To explain this concept, each of us is born into the same market for normal goods and services. This market is open to all. However, there is another, higher market that only a tiny percentage of folk are ever invited to access. Not to be confused with black or grey markets, this kind of “para-market” is defined by the scarcity of its goods and services.

It’s not about money in this para-market, it’s about following a different set of rules. Many obscenely wealthy people are never invited to the para-market of scarcity because they don’t “fit” the idiosyncratic standards of a particular brand. Or maybe that wealthy person wasn’t in the right place at the right time, or they didn’t know the right things to say. Money is still needed to buy the scare items, but you need a different kind of currency to access this world.

Rolex operates almost exclusively inside this para-market.

Once again, it is mostly impossible to walk into a Rolex retail store and buy a watch. Some items will be sitting on cushions behind the bulletproof glass, but those are usually not for sale. In fact, the retail sellers will get in trouble from Rolex if they sell those watches! Anyone hoping to buy a new Rolex must go on a waiting list.

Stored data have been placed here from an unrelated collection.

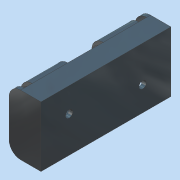
# Autodesk Inventor part: aaa_holder
Saved by Autodesk Inventor 2014 (Build 180170000, 170)
## iProperties
Created: 2013-05-29
Part Number: aaa_holder
Document SubType Name: Modeling
Designer: Administrator
Density: 1 g/cm^3
Mass: 4.5771 g
Surface Area: 65.5932 cm^2
Volume: 4.5771 cm^3
Material: Generic
Appearance: Smooth - Medium Gray
Author: Administrator
Autodesk Inventor part; units mm, degrees
ref_plane "YZ Plane" through (0, 0, 0) normal (1, 0, 0) x (0, 1, 0)
ref_plane "XZ Plane" through (0, 0, 0) normal (0, 1, 0) x (-1, 0, 0)
ref_plane "XY Plane" through (0, 0, 0) normal (0, 0, 1) x (1, 0, 0)
sketch "Sketch1" plane through (0, 0, 0) normal (0, 0, 1) x (1, 0, 0)
  line L0 (13.0048, 24.5872) -> (13.0048, 0)
  line L1 (13.0048, 0) -> (4.6736, 0)
  line L2 (13.0048, 24.5872) -> (4.6736, 24.5872)
  line L3 (0, 19.9136) -> (0, 4.6736)
  arc A0 (4.6736, 24.5872) -> (0, 19.9136) centre (4.6736, 19.9136) ccw
  arc A1 (0, 4.6736) -> (4.6736, 0) centre (4.6736, 4.6736) ccw
  point P0 (0, 0)
  dimension "d0" = 13.0048
  dimension "d1" = 24.5872
  dimension "d2" = 15.24
  constraints: 8 end point, 4 point on circle, 4 tangent, 2 centre point, 2 horizontal, 2 point on line, 1 equal radius, 1 vertical
  measures "d0" distance between parallel lines of L0 L3
  measures "d1" distance of L0.start L0.end
  measures "d2" distance of L3.start L3.end
extrude "Extrusion1" add sketch "Sketch1" along normal blind 52.9844
sketch "Sketch2" plane through (4.6736, 0, 0) normal (0, -1, 0) x (1, 0, 0)
  line L0 (0, 0) -> (0, 52.9844) projected
  line L1 (0, 1.5875) -> (-4.6736, 1.5875)
  line L2 (-4.6736, 1.5875) -> (-4.6736, 4.7625)
  line L3 (-4.6736, 4.7625) -> (0, 4.7625)
  line L4 (0, 4.7625) -> (0, 1.5875)
  line L5 (-4.6736, 19.249) -> (0, 19.249)
  line L6 (0, 19.249) -> (0, 33.7354)
  line L7 (0, 33.7354) -> (-4.6736, 33.7354)
  line L8 (-4.6736, 33.7354) -> (-4.6736, 19.249)
  line L9 (-4.6736, 48.2219) -> (0, 48.2219)
  line L10 (0, 48.2219) -> (0, 51.3969)
  line L11 (0, 51.3969) -> (-4.6736, 51.3969)
  line L12 (-4.6736, 51.3969) -> (-4.6736, 48.2219)
  line L13 (-4.6736, 0) -> (0, 0) projected
  line L14 (-4.6736, 52.9844) -> (0, 52.9844) projected
  dimension "d5" = 1.5875
  dimension "d6" = 1.5875
  dimension "d7" = 3.175
  dimension "d8" = 3.175
  dimension "d9" = 14.4865
  dimension "d10" = 14.4865
  dimension "d11" = 14.4865
  constraints: 24 end point, 3 point on line
  measures "d5" distance between parallel lines of L13 L1
  measures "d6" distance between parallel lines of L14 L11
  measures "d7" distance between parallel lines of L3 L1
  measures "d8" distance between parallel lines of L11 L9
  measures "d9" distance between parallel lines of L5 L3
  measures "d10" distance between parallel lines of L9 L7
  measures "d11" distance between parallel lines of L7 L5
extrude "Extrusion2" cut sketch "Sketch2" against normal through all
sketch "Sketch6" plane through (0, 0, 0) normal (0, 0, -1) x (-1, 0, 0)
  line L0 (-13.0048, 24.5872) -> (-13.0048, 0) projected
  line L1 (-13.0048, 0) -> (-4.6736, 0) projected
  arc A0 (-4.6736, 0) -> (0, 4.6736) centre (-4.6736, 4.6736) ccw projected
  line L2 (0, 4.6736) -> (0, 19.9136) projected
  arc A1 (0, 19.9136) -> (-4.6736, 24.5872) centre (-4.6736, 19.9136) ccw projected
  line L3 (-4.6736, 24.5872) -> (-13.0048, 24.5872) projected
  line L4 (-1.5875, 19.9136) -> (-1.5875, 4.6736)
  arc A2 (-4.6736, 1.5875) -> (-1.5875, 4.6736) centre (-4.6736, 4.6736) ccw
  line L5 (-4.6736, 1.5875) -> (-11.4173, 1.5875)
  line L6 (-11.4173, 1.5875) -> (-11.4173, 22.9997)
  line L7 (-11.4173, 22.9997) -> (-4.6736, 22.9997)
  arc A3 (-1.5875, 19.9136) -> (-4.6736, 22.9997) centre (-4.6736, 19.9136) ccw
  point P0 (0, 0)
  dimension "d14" = 1.5875
  constraints: 8 end point, 4 point on circle, 2 centre point, 5 other
  measures "d14" distance between parallel lines of L0 L6
extrude "Extrusion3" cut sketch "Sketch6" against normal up to surface (49.8094 mm away) from surface at -1.5875 contours L4 A2 L5 L6 L7 A3
sketch "Sketch7" plane through (0, 0, 0) normal (0, 0, -1) x (-1, 0, 0)
  line L0 (-13.0048, 24.5872) -> (-13.0048, 0) projected
  line L1 (-13.0048, 0) -> (-4.6736, 0) projected
  arc A0 (-4.6736, 0) -> (0, 4.6736) centre (-4.6736, 4.6736) ccw projected
  line L2 (0, 4.6736) -> (0, 19.9136) projected
  arc A1 (0, 19.9136) -> (-4.6736, 24.5872) centre (-4.6736, 19.9136) ccw projected
  line L3 (-4.6736, 24.5872) -> (-13.0048, 24.5872) projected
  line L4 (-1.5875, 23.4234) -> (-1.5875, 1.1638)
  arc A2 (-1.5875, 19.9136) -> (-4.6736, 22.9997) centre (-4.6736, 19.9136) ccw
  line L5 (-1.5875, 19.9136) -> (-1.5875, 4.6736)
  arc A3 (-4.6736, 1.5875) -> (-1.5875, 4.6736) centre (-4.6736, 4.6736) ccw
  line L6 (-4.6736, 1.5875) -> (-11.4173, 1.5875)
  line L7 (-11.4173, 1.5875) -> (-11.4173, 22.9997)
  line L8 (-11.4173, 22.9997) -> (-4.6736, 22.9997)
  arc A4 (0, 19.9136) -> (-4.6736, 22.9997) centre (-4.6736, 17.9178) ccw
  arc A5 (-4.6736, 1.5875) -> (0, 4.6736) centre (-4.6736, 6.6694) ccw
  point P0 (0, 0)
  dimension "d17" = 1.5875
  dimension "d20" = 1.5875
  constraints: 10 end point, 10 point on circle, 4 centre point, 2 tangent, 5 other
  measures "d17" distance between parallel lines of L2 L4
  measures "d20" radial gap between concentric circles of A1 A2
extrude "Extrusion4" cut sketch "Sketch7" against normal up to surface (43.4594 mm away) from surface at -4.7625 contours L2 A5 L4 A4 | L4 A2 A4 | A5 A3 L4
sketch "Sketch8" plane through (11.4173, 1.5875, 1.5875) normal (-1, 0, 0) x (0, 0, 1)
  line L0 (0, 0) -> (0, 21.4122) projected
  line L1 (0, 0) -> (49.8094, 0) projected
  line L2 (49.8094, 21.4122) -> (49.8094, 0) projected
  line L3 (0, 21.4122) -> (49.8094, 21.4122) projected
  line L4 (0, 10.3092) -> (21.59, 10.3092)
  line L5 (21.59, 10.3092) -> (21.59, 11.103)
  line L6 (21.59, 11.103) -> (0, 11.103)
  line L7 (0, 11.103) -> (0, 10.3092)
  line L8 (49.8094, 10.3092) -> (28.2194, 10.3092)
  line L9 (28.2194, 10.3092) -> (28.2194, 11.103)
  line L10 (28.2194, 11.103) -> (49.8094, 11.103)
  line L11 (49.8094, 11.103) -> (49.8094, 10.3092)
  point P0 (-1.5875, -1.5875)
  dimension "d23" = 0.7937
  dimension "d24" = 0.7937
  dimension "d25" = 10.3092
  dimension "d26" = 10.3092
  dimension "d27" = 10.3092
  dimension "d28" = 21.59
  dimension "d29" = 21.59
  constraints: 16 end point, 2 point on line
  measures "d23" distance between parallel lines of L10 L8
  measures "d24" distance between parallel lines of L6 L4
  measures "d25" distance between parallel lines of L1 L4
  measures "d26" distance between parallel lines of L3 L6
  measures "d27" distance between parallel lines of L1 L8
  measures "d28" distance from line of L0 L4.end
  measures "d29" distance from line of L2 L8.end
extrude "Extrusion5" add sketch "Sketch8" along normal blind 5.08 contours L0 L6 L5 L4 | L8 L9 L10 L2
sketch "Sketch10" plane through (11.4173, 11.8967, 1.5875) normal (0, -1, 0) x (1, 0, 0)
  line L0 (-5.08, 21.59) -> (-5.08, 0) projected
  line L1 (-11.4173, 0) -> (-5.08, 7.62)
  line L2 (-5.08, 7.62) -> (-5.08, 0)
  line L3 (-11.4173, 0) -> (-5.08, 0)
  point P0 (-11.4173, -1.5875)
  dimension "d32" = 7.62
  constraints: 6 end point, 1 point on line
  measures "d32" distance of L1.end L0.end
extrude "Extrusion6" add sketch "Sketch10" against normal up to surface (0.7938 mm away) from surface at 0
sketch "Sketch11" plane through (11.4173, 11.8967, 29.8069) normal (0, -1, 0) x (1, 0, 0)
  line L0 (-5.08, 21.59) -> (-5.08, 0) projected
  line L1 (-11.4173, 21.59) -> (-5.08, 13.97)
  line L2 (-5.08, 13.97) -> (-5.08, 21.59)
  line L3 (-5.08, 21.59) -> (-11.4173, 21.59)
  line L4 (-6.7437, 21.59) -> (-11.4173, 21.59) projected
  line L5 (-11.4173, 21.59) -> (-11.4173, 23.1775) projected
  point P0 (-11.4173, -29.8069)
  dimension "d35" = 7.62
  constraints: 6 end point, 3 point on line
  measures "d35" distance of L1.end L0.start
extrude "Extrusion7" add sketch "Sketch11" against normal up to surface (0.7937 mm away) from surface at 0
sketch "Sketch12" plane through (13.0048, 0, 0) normal (1, 0, 0) x (0, 0, -1)
  line L0 (0, 0) -> (-52.9844, 0) projected
  line L1 (0, 24.5872) -> (0, 0) projected
  circle A0 centre (-11.5062, 9.9441) radius 1.4986
  circle A1 centre (-41.4782, 14.6431) radius 1.4986
  dimension "d38" = 2.9972
  dimension "d39" = 29.972
  dimension "d40" = 4.699
  dimension "d41" = 52.9844
  dimension "d42" = 24.5872
  dimension "d43" = 9.9441
  dimension "d44" = 11.5062
  constraints: 2 centre point, 1 equal radius
  measures "d38" diameter of A0
  measures "d39" horizontal distance of A1.centre A0.centre
  measures "d40" vertical distance of A0.centre A1.centre
  measures "d41" distance of L0.start L0.end
  measures "d42" distance of L1.start L0.start
  measures "d43" distance from line of L0 A0.centre
  measures "d44" distance from line of L1 A0.centre
extrude "Extrusion8" cut sketch "Sketch12" against normal up to surface (1.5875 mm away) from surface at 0
equation "\"d9\" = d11"
equation "\"d10\" = d11"
equation "\"d24\" = d23"
equation "\"d25\" = d26"
equation "\"d27\" = d25"
equation "\"d43\" = -0.5 * d40 + 0.5 * d42"
equation "\"d44\" = -0.5 * d39 + 0.5 * d41"
body "Solid1"
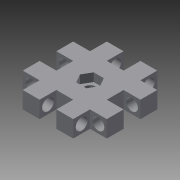
# Autodesk Inventor part: crossCenterMini
Saved by Autodesk Inventor 2015 (Build 190159000, 159)
## iProperties
Created: 2016-10-15
Part Number: crossCenterMini
Material: Generic
Document SubType Name: Modeling
Designer: Bardo91
Density: 1 g/cm^3
Appearance: Default
Author: Bardo91
Autodesk Inventor part; units mm, degrees
ref_plane "YZ Plane" through (0, 0, 0) normal (1, 0, 0) x (0, 1, 0)
ref_plane "XZ Plane" through (0, 0, 0) normal (0, 1, 0) x (-1, 0, 0)
ref_plane "XY Plane" through (0, 0, 0) normal (0, 0, 1) x (1, 0, 0)
sketch "Sketch1" plane through (0, 0, 0) normal (0, 0, 1) x (1, 0, 0)
  line L0 (0, 0) -> (0, 5)
  line L1 (0, 5) -> (5, 5)
  line L2 (5, 5) -> (5, 0)
  line L3 (5, 0) -> (10, 0)
  line L4 (10, 0) -> (10, 5)
  line L5 (10, 5) -> (15, 5)
  line L6 (15, 5) -> (15, 0)
  line L7 (15, 0) -> (20, 0)
  line L8 (20, 0) -> (20, -5)
  line L9 (20, -5) -> (15, -5)
  line L10 (15, -5) -> (15, -10)
  line L11 (15, -10) -> (20, -10)
  line L12 (20, -10) -> (20, -15)
  line L13 (20, -15) -> (15, -15)
  line L14 (15, -15) -> (15, -20)
  line L15 (15, -20) -> (10, -20)
  line L16 (10, -20) -> (10, -15)
  line L17 (10, -15) -> (5, -15)
  line L18 (5, -15) -> (5, -20)
  line L19 (5, -20) -> (0, -20)
  line L20 (0, -20) -> (0, -15)
  line L21 (0, -15) -> (-5, -15)
  line L22 (-5, -15) -> (-5, -10)
  line L23 (-5, -10) -> (0, -10)
  line L24 (0, -10) -> (0, -5)
  line L25 (0, -5) -> (-5, -5)
  line L26 (-5, -5) -> (-5, 0)
  line L27 (-5, 0) -> (0, 0)
  dimension "d0" = 5
  dimension "d1" = 5
  dimension "d2" = 5
  dimension "d3" = 5
  dimension "d4" = 5
  dimension "d5" = 5
  dimension "d6" = 5
  dimension "d7" = 5
  dimension "d8" = 5
  dimension "d9" = 5
  dimension "d10" = 5
  dimension "d11" = 5
  dimension "d12" = 5
  dimension "d13" = 5
  dimension "d14" = 5
  dimension "d15" = 5
  dimension "d16" = 5
  dimension "d17" = 5
  dimension "d18" = 5
  dimension "d19" = 5
  dimension "d20" = 5
  dimension "d21" = 5
  dimension "d22" = 5
  dimension "d23" = 5
  dimension "d24" = 5
  dimension "d25" = 90
  dimension "d26" = 5
  dimension "d27" = 5
  constraints: 56 end point, 16 point on line, 10 perpendicular, 2 vertical
  measures "d0" distance of L0.start L0.end
  measures "d1" distance of L0.end L1.end
  measures "d2" distance of L1.end L2.end
  measures "d3" distance of L2.end L3.end
  measures "d4" distance of L3.end L4.end
  measures "d5" distance of L4.end L5.end
  measures "d6" distance of L5.end L6.end
  measures "d7" distance of L6.end L7.end
  measures "d8" distance of L7.end L8.end
  measures "d9" distance of L8.end L9.end
  measures "d10" distance of L9.end L10.end
  measures "d11" distance of L10.end L11.end
  measures "d12" distance of L11.end L12.end
  measures "d13" distance of L12.end L13.end
  measures "d14" distance of L13.end L14.end
  measures "d15" distance of L14.end L15.end
  measures "d16" distance of L15.end L16.end
  measures "d17" distance of L16.end L17.end
  measures "d18" distance of L17.end L18.end
  measures "d19" distance of L18.end L19.end
  measures "d20" distance of L19.end L20.end
  measures "d21" distance of L20.end L21.end
  measures "d22" distance of L21.end L22.end
  measures "d23" distance of L22.end L23.end
  measures "d24" distance of L23.end L24.end
  measures "d25" angle of L24 L23
  measures "d26" distance of L24.end L25.end
  measures "d27" distance of L25.end L26.end
extrude "Extrusion1" add sketch "Sketch1" along normal blind 5
sketch "Sketch2" plane through (0, 0, 5) normal (0, 0, 1) x (1, 0, 0)
  line L0 (15, -10) -> (15, -5) projected
  line L1 (15, -7.5) -> (0, -7.5)
  line L2 (0, -10) -> (0, -5) projected
  circle A0 centre (7.5, -7.5) radius 1.75
  point P0 (0, 0)
  dimension "d30" = 3.5
  constraints: 3 midpoint, 2 end point, 1 centre point
  measures "d30" diameter of A0
extrude "Extrusion2" cut sketch "Sketch2" against normal blind 5
sketch "Sketch3" plane through (0, 0, 5) normal (0, 0, 1) x (1, 0, 0)
  circle A0 centre (7.5, -7.5) radius 1.75 projected
  line L0 (7.5, -7.5) -> (10.5, -7.5)
  line L1 (10.5, -7.5) -> (9, -4.9019)
  line L2 (7.5, -7.5) -> (9, -4.9019)
  point P0 (0, 0)
  dimension "d33" = 3
  dimension "d34" = 3
  dimension "d35" = 60
  constraints: 6 end point, 1 horizontal
  measures "d33" distance of L0.start L0.end
  measures "d34" distance of L0.end L1.end
  measures "d35" angle of L1 L0
extrude "Extrusion3" cut sketch "Sketch3" against normal blind 2.5 contours L0 L2 A0 | A0 L2 L1 L0 picked at (8.3623, -6.7236)
pattern_circular "Circular Pattern1" count 6 over 360 about axis through (7.5, -7.5, 5) along (0, 0, -1) of "Extrusion3"
sketch "Sketch4" plane through (-5, -15, 0) normal (0, -1, 0) x (1, 0, 0)
  line L0 (0, 5) -> (2.5, 5)
  line L1 (0, 5) -> (5, 5) projected
  line L2 (2.5, 5) -> (2.5, 2.5)
  circle A0 centre (2.5, 2.5) radius 1.75
  point P0 (5, 0)
  dimension "d41" = 2.5
  dimension "d42" = 2.5
  dimension "d43" = 3.5
  constraints: 4 end point, 1 centre point, 1 coincident, 1 midpoint, 1 perpendicular
  measures "d41" distance of L0.start L0.end
  measures "d42" distance of L0.end L2.end
  measures "d43" diameter of A0
extrude "Extrusion4" cut sketch "Sketch4" against normal through all
pattern_circular "Circular Pattern2" count 4 over 360 about axis through (7.5, -7.5, 5) along (0, 0, -1) of "Extrusion4"
body "Solid1"
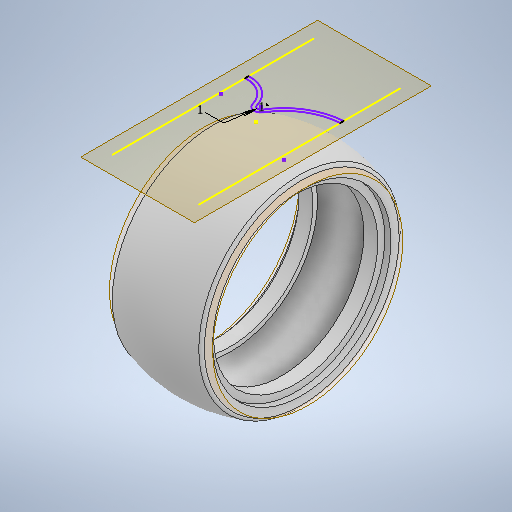
# Autodesk Inventor part: tire
Saved by Autodesk Inventor 2025 (Build 290162000, 162)
## iProperties
Created: 2024-04-11
Part Number: tire
Material: Generic
Document SubType Name: Modeling
Designer: bartek
Density: 1 g/cm^3
Appearance: Default
Author: bartek
Autodesk Inventor part; units mm, degrees
ref_plane "YZ Plane" through (0, 0, 0) normal (1, 0, 0) x (0, 1, 0)
ref_plane "XY Plane" through (0, 0, 0) normal (0, 0, 1) x (1, 0, 0)
sketch "Sketch1" plane through (0, 0, 0) normal (0, 0, 1) x (1, 0, 0)
  line L0 (-13.27, 0) -> (13.27, 0)
  line L1 (-7.43, 23.94) -> (-11.49, 23.94)
  line L2 (-11.49, 23.94) -> (-11.49, 25.97)
  line L3 (-11.49, 25.97) -> (-13.27, 25.97)
  line L4 (-13.27, 25.97) -> (-13.27, 28.3865)
  line L5 (0, 0) -> (0, 31.38)
  line L6 (7.43, 23.94) -> (11.49, 23.94)
  line L7 (11.49, 23.94) -> (11.49, 25.97)
  line L8 (11.49, 25.97) -> (13.27, 25.97)
  line L9 (13.27, 25.97) -> (13.27, 28.3865)
  arc A0 (12.5866, 29.335) -> (-12.5866, 29.335) centre (0, -8.3769) ccw
  arc A1 (-12.5866, 29.335) -> (-13.27, 28.3865) centre (-12.27, 28.3865) ccw
  arc A2 (13.27, 28.3865) -> (12.5866, 29.335) centre (12.27, 28.3865) ccw
  line L10 (-7.43, 25.266) -> (-10.164, 25.266)
  line L11 (-10.164, 25.266) -> (-10.164, 27.296)
  line L12 (-10.164, 27.296) -> (-11.944, 27.296)
  line L13 (-11.944, 27.296) -> (-11.944, 28.1508)
  arc A3 (11.944, 28.1508) -> (-11.944, 28.1508) centre (0, -8.3769) ccw
  line L14 (11.944, 28.1508) -> (11.944, 27.296)
  line L15 (11.944, 27.296) -> (10.164, 27.296)
  line L16 (10.164, 27.296) -> (10.164, 25.266)
  line L17 (10.164, 25.266) -> (7.43, 25.266)
  line L18 (-7.43, 25.266) -> (-7.43, 23.94)
  line L19 (7.43, 25.266) -> (7.43, 23.94)
  point P0 (-13.27, 29.1)
  point P1 (13.27, 29.1)
  dimension "d0" = 26.54
  dimension "d1" = 23.94
  dimension "d2" = 7.43
  dimension "d3" = 4.06
  dimension "d4" = 2.03
  dimension "d5" = 1.78
  dimension "d6" = 3.13
  dimension "d7" = 31.38
  dimension "d8" = 1
  dimension "d9" = 1
  dimension "d10" = 1.326
  constraints: 40 end point, 11 point on circle, 6 perpendicular, 5 symmetric about line, 4 centre point, 4 tangent, 2 horizontal, 2 midpoint, 2 point on line, 2 vertical, 1 parallel, 8 other
  measures "d0" distance of L0.start L0.end
  measures "d1" vertical distance of L5.start L1.start
  measures "d2" horizontal distance of L5.start L1.start
  measures "d3" distance of L1.start L1.end
  measures "d4" distance of L1.end L2.end
  measures "d5" distance of L2.end L3.end
  measures "d6" distance of L3.end point (-13.27, 29.1)
  measures "d7" distance of L5.start L5.end
  measures "d8" radius of A1
  measures "d9" radius of A2
  measures "d10" radial gap between concentric circles of A0 A3
revolve "Revolution1" add sketch "Sketch1" angle 360 about axis through (-13.27, 0, 0) along (1, 0, 0)
sketch "Sketch2" plane through (0, 0, 0) normal (0, 0, 1) x (1, 0, 0)
  arc A0 (12.5866, 29.335) -> (-12.5866, 29.335) centre (0, -8.3769) ccw projected
  arc A1 (14.9927, 27.6878) -> (-15.1313, 27.6298) centre (0, -8.3769) ccw
  line L0 (-21.1631, 0) -> (21.0186, 0) projected
  point P0 (0, 0)
  dimension "d12" = 0.7
  constraints: 2 point on circle, 1 centre point
  measures "d12" radial gap between concentric circles of A0 A1
surface revolve "RevolutionSrf1" sketch "Sketch2" angle 360 about axis through (-10, 0, 0) along (1, 0, 0) shown yes curves A1
ref_plane "Work Plane1" through (0, 36.5125, 0) normal (0, 1, 0) x (-1, 0, 0)
sketch "Sketch3" plane through (0, 36.5125, 0) normal (0, 1, 0) x (-1, 0, 0)
  line L0 (12.5866, 29.335) -> (12.5866, -29.335) projected
  line L1 (-12.5866, 29.335) -> (-12.5866, -29.335) projected
  arc A0 (-12.5866, -12.8966) -> (2.1673, -3.8903) centre (-13.8064, 5.6896) ccw
  arc A1 (3.9904, -4.1445) -> (12.5866, -10.3655) centre (12.1261, -1.9522) ccw
  arc A2 (3.9904, -4.1445) -> (2.1673, -3.8903) centre (3.0249, -4.4047) ccw
  arc A3 (-12.5866, -11.8943) -> (1.3097, -3.376) centre (-13.8064, 5.6896) ccw
  arc A4 (4.956, -3.8843) -> (1.3097, -3.376) centre (3.0249, -4.4047) ccw
  arc A5 (4.956, -3.8843) -> (12.5866, -9.3638) centre (12.1261, -1.9522) ccw
  line L2 (12.5866, -10.3655) -> (12.5866, -9.3638)
  line L3 (-12.5866, -12.8966) -> (-12.5866, -11.8943)
  point P0 (0, 0)
  dimension "d15" = 1
  dimension "d16" = 1
  constraints: 12 point on circle, 6 centre point, 4 end point, 4 point on line, 2 tangent, 1 other
  measures "d15" radius of A2
  measures "d16" radial gap between concentric circles of A2 A4
body "Solid1"
body "Srf1"

However, contra Hermès, a prospective buyer of a Rolex is told when they have made it onto the list. Once their watch is made – and it could take months or even years – Rolex will call the customer and inform them of the good news. But the customer only has moments to accept. If they delay, the sales associate will hang up and ring the next person on the list.

Those rules might sound like a terrible way to run a business. Yet these rules are themselves an intangible asset for Rolex or Hermès. The rules are practically a form of confidential information, since only the owners see who is on the list and how many of its luxury items need to be produced each year.

Rolex and Hermès know exactly who its customers are, how much they spend and which products they desire. This is all valuable data for streamline manufacturing and marketing. The companies closely interact with their customers over many years, building strong relationships. And the strict rules reflect high production standards, resulting in a powerful and stable brand.

For Rolex and Hermès, scarcity is more than just a marketing strategy – it is an entire business model that any company can follow. Scarcity is not magic; it is simply the result of managing all your intangible assets correctly.

Most companies only know how to create artificial scarcity, which is not the same as actual scarcity. They believe the only way to squeeze a few extra dollars from customers is to release 100 items that all have some type of glitter. But there is nothing special about glitter and soon enough, consumers will notice this.

Artificial scarcity is the business strategy equivalent of putting nitroglycerin in your car – great for a few miles, but horrible for the engine.

Achieving actual scarcity takes focus, resources and, above all, patience, but it is an achievable intangible asset for any company that chooses to take its products or services seriously.